# Stolen B-1!!!



## Doc C

Lost my Breitling B-1 one month ago. Serial #113747!! Steel case with gray face and UTC dial on bracelett. Totally sucks. Would contacting Breitling help at all?? The battery might die soon and I thought that if it was sent in for service, they might catch it. Any ideas or suggestions?? Thanks.


----------



## JAD3703

Doc C,

I would notify Breitling immediately, as well as the national Breitling head office in the country in which you reside. I did so in similar circumstances and got my watch back several months later when someone tried sending it in for the servicing I had originally sent it in for! 

I kept in contact with the company on a regular basis (the National Customer Service Manager started sending me weekly updates!), and it eventually paid off.

Never say die!

James


----------



## Doc C

Thanks for the tip. I'll contact them ASAP. Take care.


----------



## JAD3703

Nema problema. You never know, you might get lucky! Did the shipment company that you sent it out via say that they were also investigating? Normally, the chain of signatures/control of most postal/courier companies is pretty stringent, especially with expensive/insured/registered items.

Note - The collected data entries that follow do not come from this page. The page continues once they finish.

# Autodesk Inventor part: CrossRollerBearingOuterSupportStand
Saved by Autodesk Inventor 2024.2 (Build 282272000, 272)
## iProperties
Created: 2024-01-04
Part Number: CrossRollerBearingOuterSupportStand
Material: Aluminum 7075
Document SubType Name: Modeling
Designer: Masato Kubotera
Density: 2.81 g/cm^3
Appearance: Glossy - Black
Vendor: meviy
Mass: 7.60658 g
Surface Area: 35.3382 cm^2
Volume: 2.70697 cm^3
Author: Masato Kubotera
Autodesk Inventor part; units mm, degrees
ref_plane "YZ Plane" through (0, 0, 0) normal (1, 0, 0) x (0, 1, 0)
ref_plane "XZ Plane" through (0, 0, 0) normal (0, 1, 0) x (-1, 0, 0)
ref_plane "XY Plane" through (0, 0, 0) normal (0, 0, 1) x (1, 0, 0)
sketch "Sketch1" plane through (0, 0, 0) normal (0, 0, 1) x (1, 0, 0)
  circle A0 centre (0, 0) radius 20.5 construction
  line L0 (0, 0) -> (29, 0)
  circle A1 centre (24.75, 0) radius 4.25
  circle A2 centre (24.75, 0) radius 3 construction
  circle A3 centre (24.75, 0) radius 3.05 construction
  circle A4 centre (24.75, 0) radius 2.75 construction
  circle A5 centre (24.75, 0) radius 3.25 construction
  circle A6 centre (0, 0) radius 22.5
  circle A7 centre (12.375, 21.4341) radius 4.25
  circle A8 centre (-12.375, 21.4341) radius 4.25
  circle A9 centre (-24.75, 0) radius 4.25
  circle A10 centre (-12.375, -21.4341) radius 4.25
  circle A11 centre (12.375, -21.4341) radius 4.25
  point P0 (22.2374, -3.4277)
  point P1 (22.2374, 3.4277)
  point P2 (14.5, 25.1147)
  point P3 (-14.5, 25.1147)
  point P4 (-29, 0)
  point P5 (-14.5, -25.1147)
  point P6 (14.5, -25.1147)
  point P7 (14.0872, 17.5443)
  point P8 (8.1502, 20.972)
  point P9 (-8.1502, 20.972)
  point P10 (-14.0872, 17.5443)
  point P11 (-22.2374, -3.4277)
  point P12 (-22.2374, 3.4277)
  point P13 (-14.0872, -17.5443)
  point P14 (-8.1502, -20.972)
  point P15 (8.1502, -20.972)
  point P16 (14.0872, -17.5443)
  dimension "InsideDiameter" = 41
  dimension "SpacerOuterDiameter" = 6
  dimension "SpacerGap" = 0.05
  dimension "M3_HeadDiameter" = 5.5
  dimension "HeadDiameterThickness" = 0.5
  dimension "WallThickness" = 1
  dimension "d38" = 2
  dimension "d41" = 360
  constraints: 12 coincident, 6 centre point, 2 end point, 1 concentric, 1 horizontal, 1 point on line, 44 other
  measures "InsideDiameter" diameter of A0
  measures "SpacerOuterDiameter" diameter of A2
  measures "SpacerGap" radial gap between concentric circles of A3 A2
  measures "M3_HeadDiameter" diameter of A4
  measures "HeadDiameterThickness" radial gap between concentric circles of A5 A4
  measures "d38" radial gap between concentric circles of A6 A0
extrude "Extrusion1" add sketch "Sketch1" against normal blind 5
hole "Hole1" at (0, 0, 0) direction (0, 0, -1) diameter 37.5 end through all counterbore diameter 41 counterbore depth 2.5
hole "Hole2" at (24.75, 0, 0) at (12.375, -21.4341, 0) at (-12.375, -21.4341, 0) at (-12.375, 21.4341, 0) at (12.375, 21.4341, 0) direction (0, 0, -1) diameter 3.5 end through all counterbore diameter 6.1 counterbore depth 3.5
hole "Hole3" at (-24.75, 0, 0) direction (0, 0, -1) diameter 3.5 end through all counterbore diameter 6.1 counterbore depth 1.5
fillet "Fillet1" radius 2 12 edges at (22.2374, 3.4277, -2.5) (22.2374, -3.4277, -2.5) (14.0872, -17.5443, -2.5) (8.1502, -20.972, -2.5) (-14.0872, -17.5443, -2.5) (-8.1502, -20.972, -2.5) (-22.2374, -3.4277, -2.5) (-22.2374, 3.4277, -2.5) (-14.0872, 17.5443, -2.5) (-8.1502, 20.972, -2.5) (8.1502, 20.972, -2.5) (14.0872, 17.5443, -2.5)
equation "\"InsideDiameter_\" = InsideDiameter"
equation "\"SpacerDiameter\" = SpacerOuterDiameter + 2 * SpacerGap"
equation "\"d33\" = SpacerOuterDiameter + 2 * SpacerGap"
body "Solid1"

Best of luck and let us know how it turns out.

James


----------



## Doc C

Thanks again. It was actually stolen from my house, so there wasn't a shipping company involved. I have contacted Breitling and hopefully it will pop up somewhere down the road. In the meantime, I have an insurance check and get to go shopping for another Breitling. Will never replace my B-1, but it does help a little. Thanks again so much for your help.


----------



## JAD3703

Hey, Doc. Glad to share my experiences on this subject. In my case,my stolen watch had tremendous emotional significance. Needless to say I went to the trial, and made sure that the thieving scum was fired from his job. But, the fact that your watch was stolen from your house really sucks, on a number of levels.

I'd also contact all of the authorized Breitling repair centres (and/or those that offer Breitling repair services, as they may not be an authorized repair centre) in your area, via letter.

Anyway, best of luck with your new watch search.

Regards,

James


----------